Problem to solve:
Please say how many lines in the records below contain the word "picture", giving the number alone.

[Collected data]

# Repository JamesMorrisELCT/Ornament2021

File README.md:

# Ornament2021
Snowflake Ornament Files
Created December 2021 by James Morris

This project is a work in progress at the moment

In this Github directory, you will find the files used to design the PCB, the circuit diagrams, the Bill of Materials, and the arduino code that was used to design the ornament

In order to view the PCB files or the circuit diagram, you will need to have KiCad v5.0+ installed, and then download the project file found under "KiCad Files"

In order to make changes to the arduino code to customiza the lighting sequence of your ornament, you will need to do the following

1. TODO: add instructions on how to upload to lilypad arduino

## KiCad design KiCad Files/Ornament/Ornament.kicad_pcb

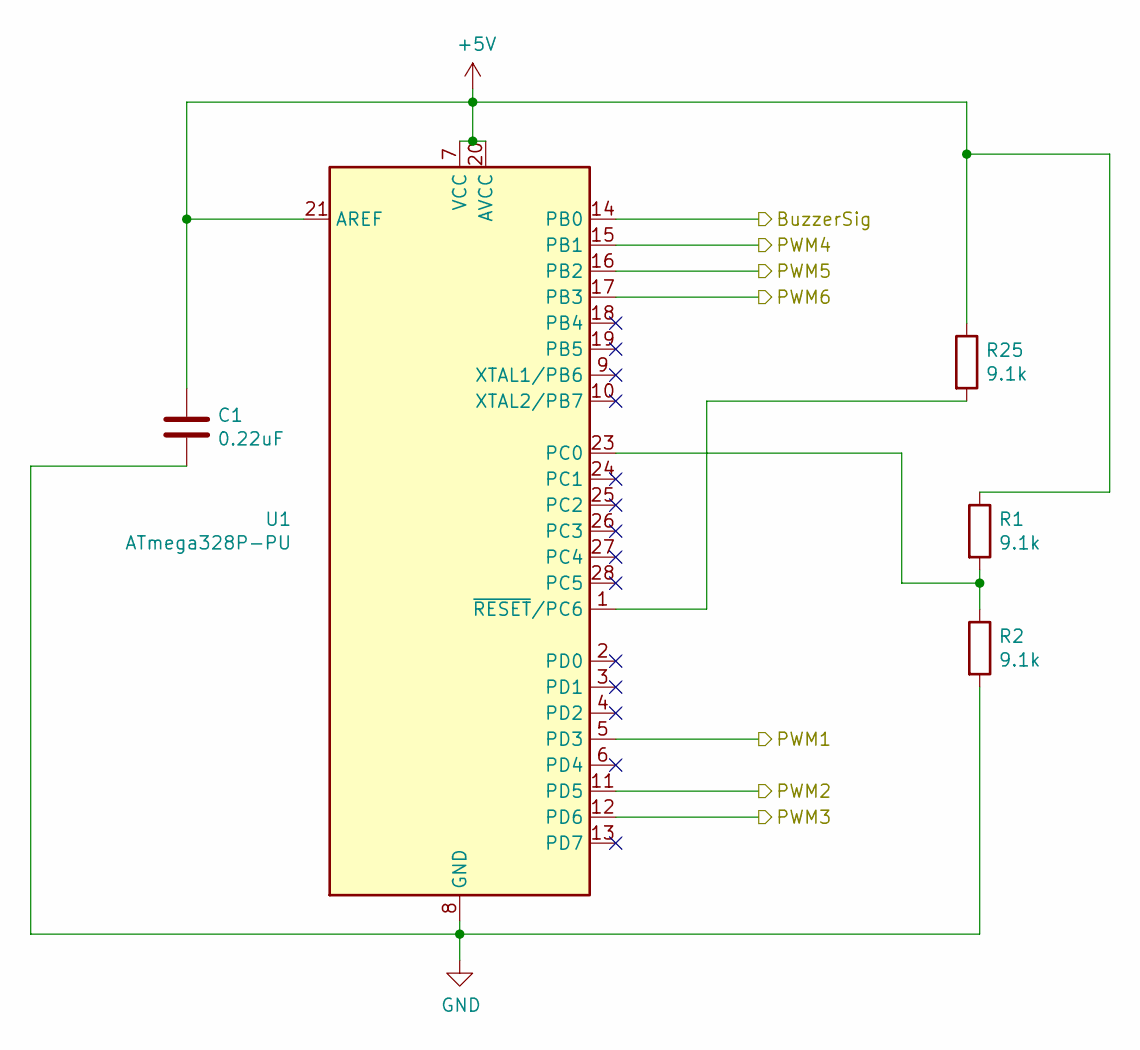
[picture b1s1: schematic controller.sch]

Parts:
C1: 0.22uF; C_1206_3216Metric_Pad1.33x1.80mm_HandSolder
R1, R2, R25: 9.1k; R_1206_3216Metric_Pad1.30x1.75mm_HandSolder
U1: ATmega328P-PU; DIP-28_W7.62mm_Socket

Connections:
+5V: C1.1, R1.1, R25.1, U1.7 (VCC), U1.20 (AVCC), U1.21 (AREF); also elsewhere on the board
/LED Schematic/Branch1On: U1.5 (PD3); also elsewhere on the board
/LED Schematic/Branch2On: U1.11 (PD5); also elsewhere on the board
/LED Schematic/Branch3On: U1.12 (PD6); also elsewhere on the board
/LED Schematic/Branch4On: U1.15 (PB1); also elsewhere on the board
/LED Schematic/Branch5On: U1.16 (PB2); also elsewhere on the board
/LED Schematic/Branch6On: U1.17 (PB3)
/Power + Other/Buzzer: U1.14 (PB0); also elsewhere on the board
GND: C1.2, R2.2, U1.8 (GND), U1.22 (GND); also elsewhere on the board
unnamed: R1.2, R2.1, U1.23 (PC0)
unnamed: R25.2, U1.1 (~RESET~/PC6)

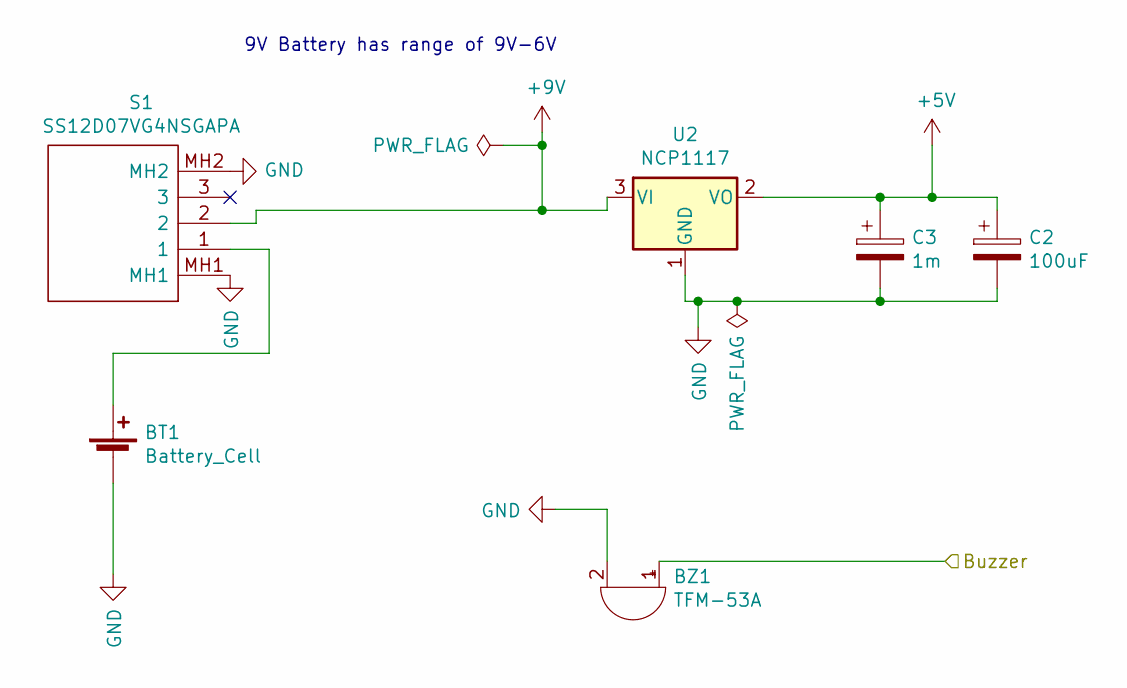
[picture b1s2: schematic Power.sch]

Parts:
BT1: Battery_Cell; Battery_9V_Connections_Seperate
BZ1: TFM-53A; R_Bare_Metal_Element_L16.3mm_W4.8mm_P15.30mm
C2: 100uF; CP_Radial_D5.0mm_P2.00mm
C3: 1m; C_Radial_D8.0mm_H11.5mm_P3.50mm
S1: SS12D07VG4NSGAPA; Mouser Part Number 611-SS12D07VG4NSGAPA
U2: NCP1117; TO-252-2

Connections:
+5V: C2.1, C3.1, U2.2 (VO); also elsewhere on the board
+9V: S1.2, U2.3 (VI)
/Power + Other/Buzzer: BZ1.1 (-); also elsewhere on the board
GND: BT1.2 (-), BZ1.2 (+), C2.2, C3.2, S1.MH1, S1.MH2, U2.1 (GND); also elsewhere on the board
unnamed: BT1.1 (+), S1.1

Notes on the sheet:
9V Battery has range of 9V-6V

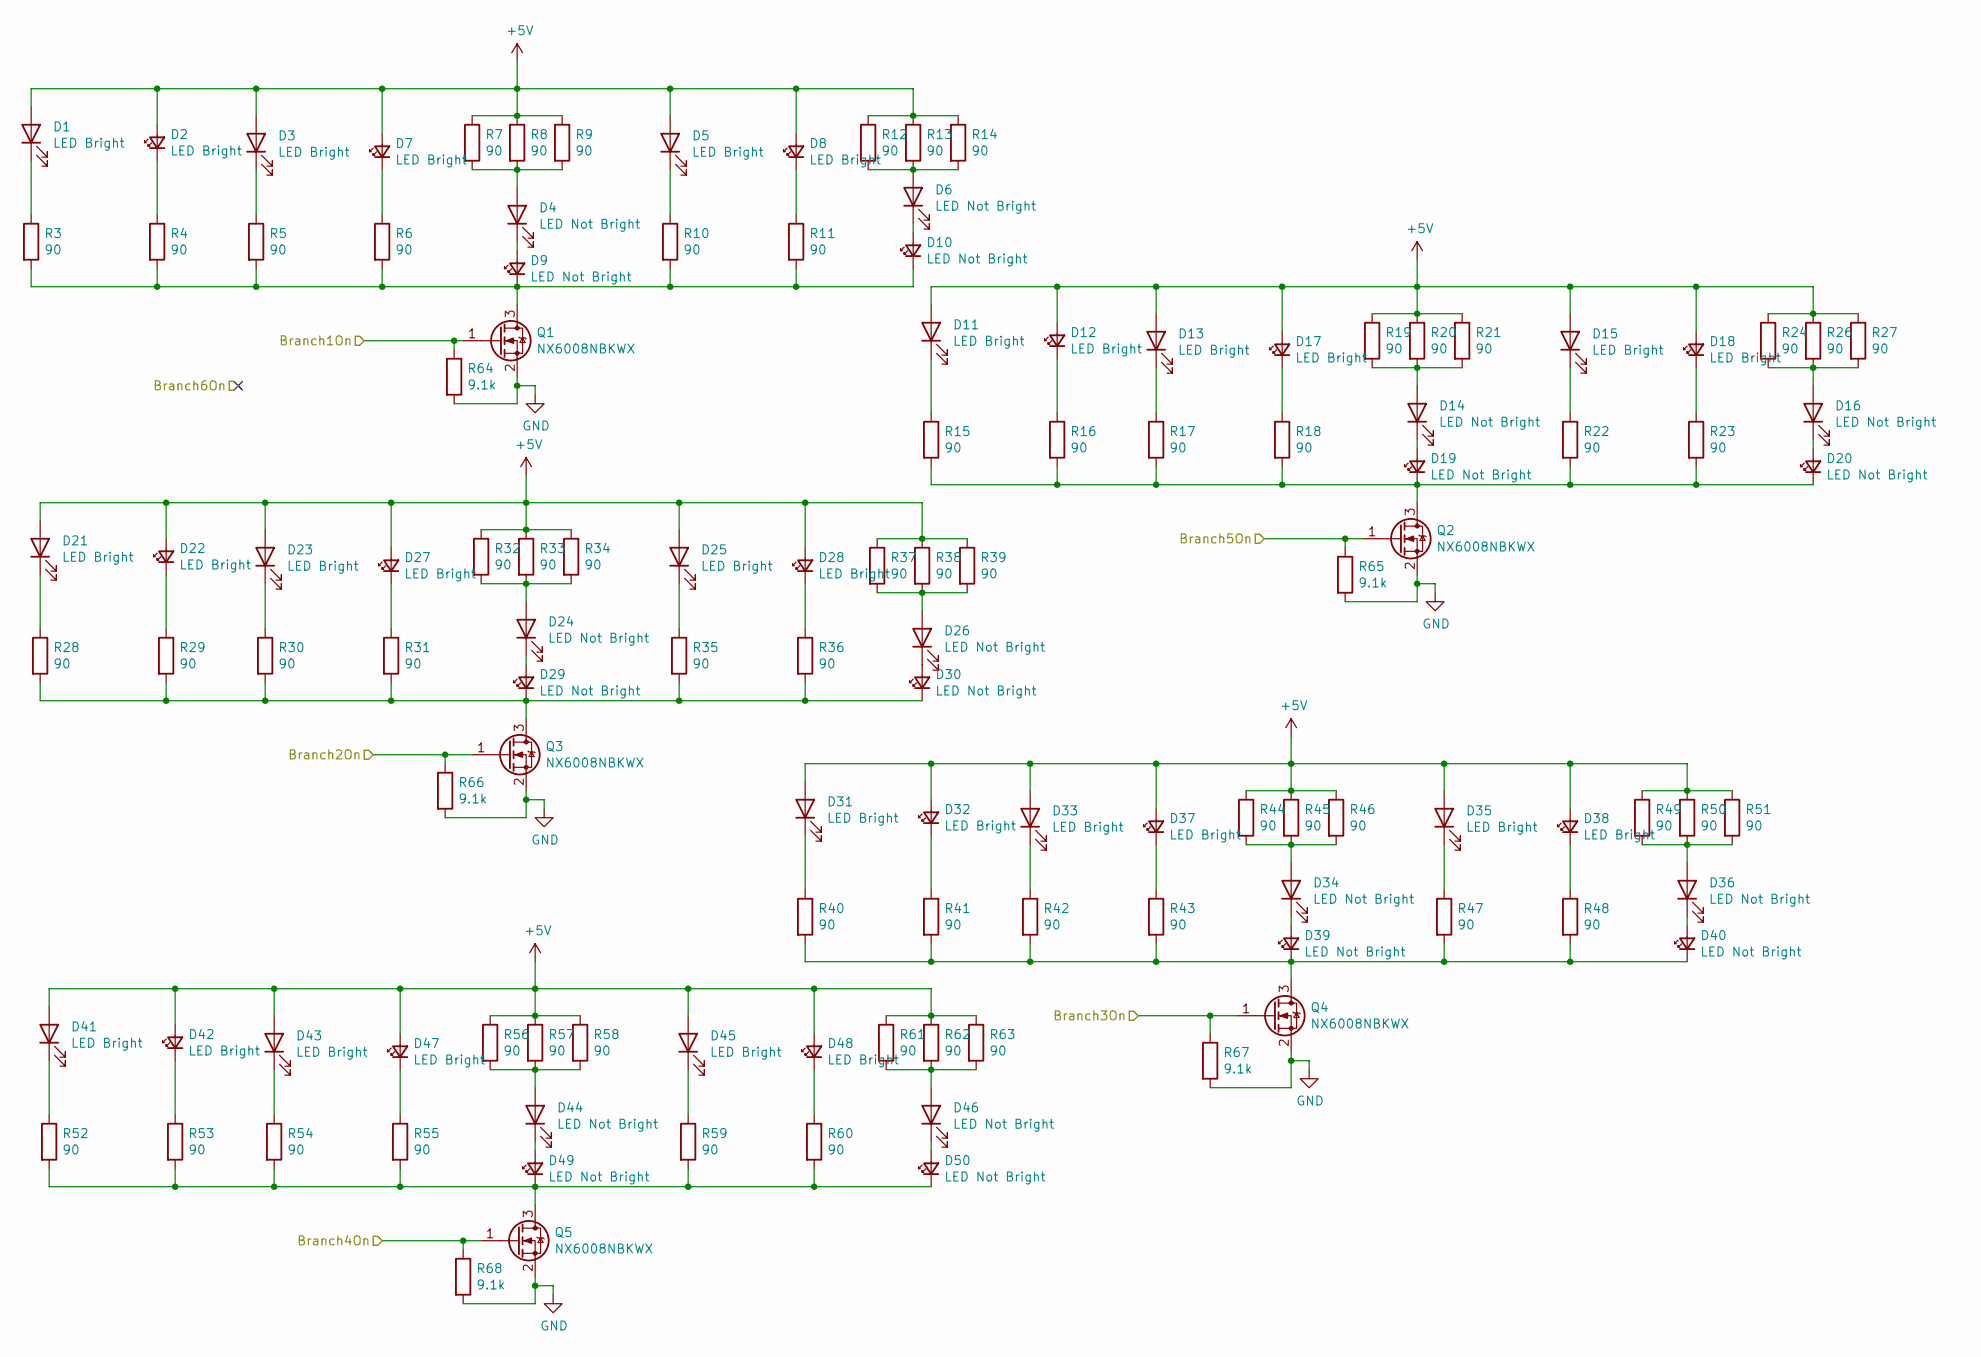
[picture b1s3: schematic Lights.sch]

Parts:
D1, D3, D5, D11, D13, D15, D21, D23, D25, D31, D33, D35, D41, D43, D45: LED Bright; LED_D5.0mm
D2, D7, D8, D12, D17, D18, D22, D27, D28, D32, D37, D38, D42, D47, D48: LED Bright; LED_1206_3216Metric_Pad1.42x1.75mm_HandSolder
D4, D6, D14, D16, D24, D26, D34, D36, D44, D46: LED Not Bright; LED_D5.0mm
D9, D10, D19, D20, D29, D30, D39, D40, D49, D50: LED Not Bright; LED_1206_3216Metric_Pad1.42x1.75mm_HandSolder
Q1, Q2, Q3, Q4, Q5: NX6008NBKWX; SOT-323_SC-70_Handsoldering
R3, R4, R5, R6, R7, R8, R9, R10, R11, R12, R13, R14, R15, R16, R17, R18, R19, R20, R21, R22, R23, R24, R26, R27, R28, R29, R30, R31, R32, R33, R34, R35, R36, R37, R38, R39, R40, R41, R42, R43, R44, R45, R46, R47, R48, R49, R50, R51, R52, R53, R54, R55, R56, R57, R58, R59, R60, R61, R62, R63: 90; R_1206_3216Metric_Pad1.30x1.75mm_HandSolder
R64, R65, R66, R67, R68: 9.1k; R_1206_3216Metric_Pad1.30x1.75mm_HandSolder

Reply:
3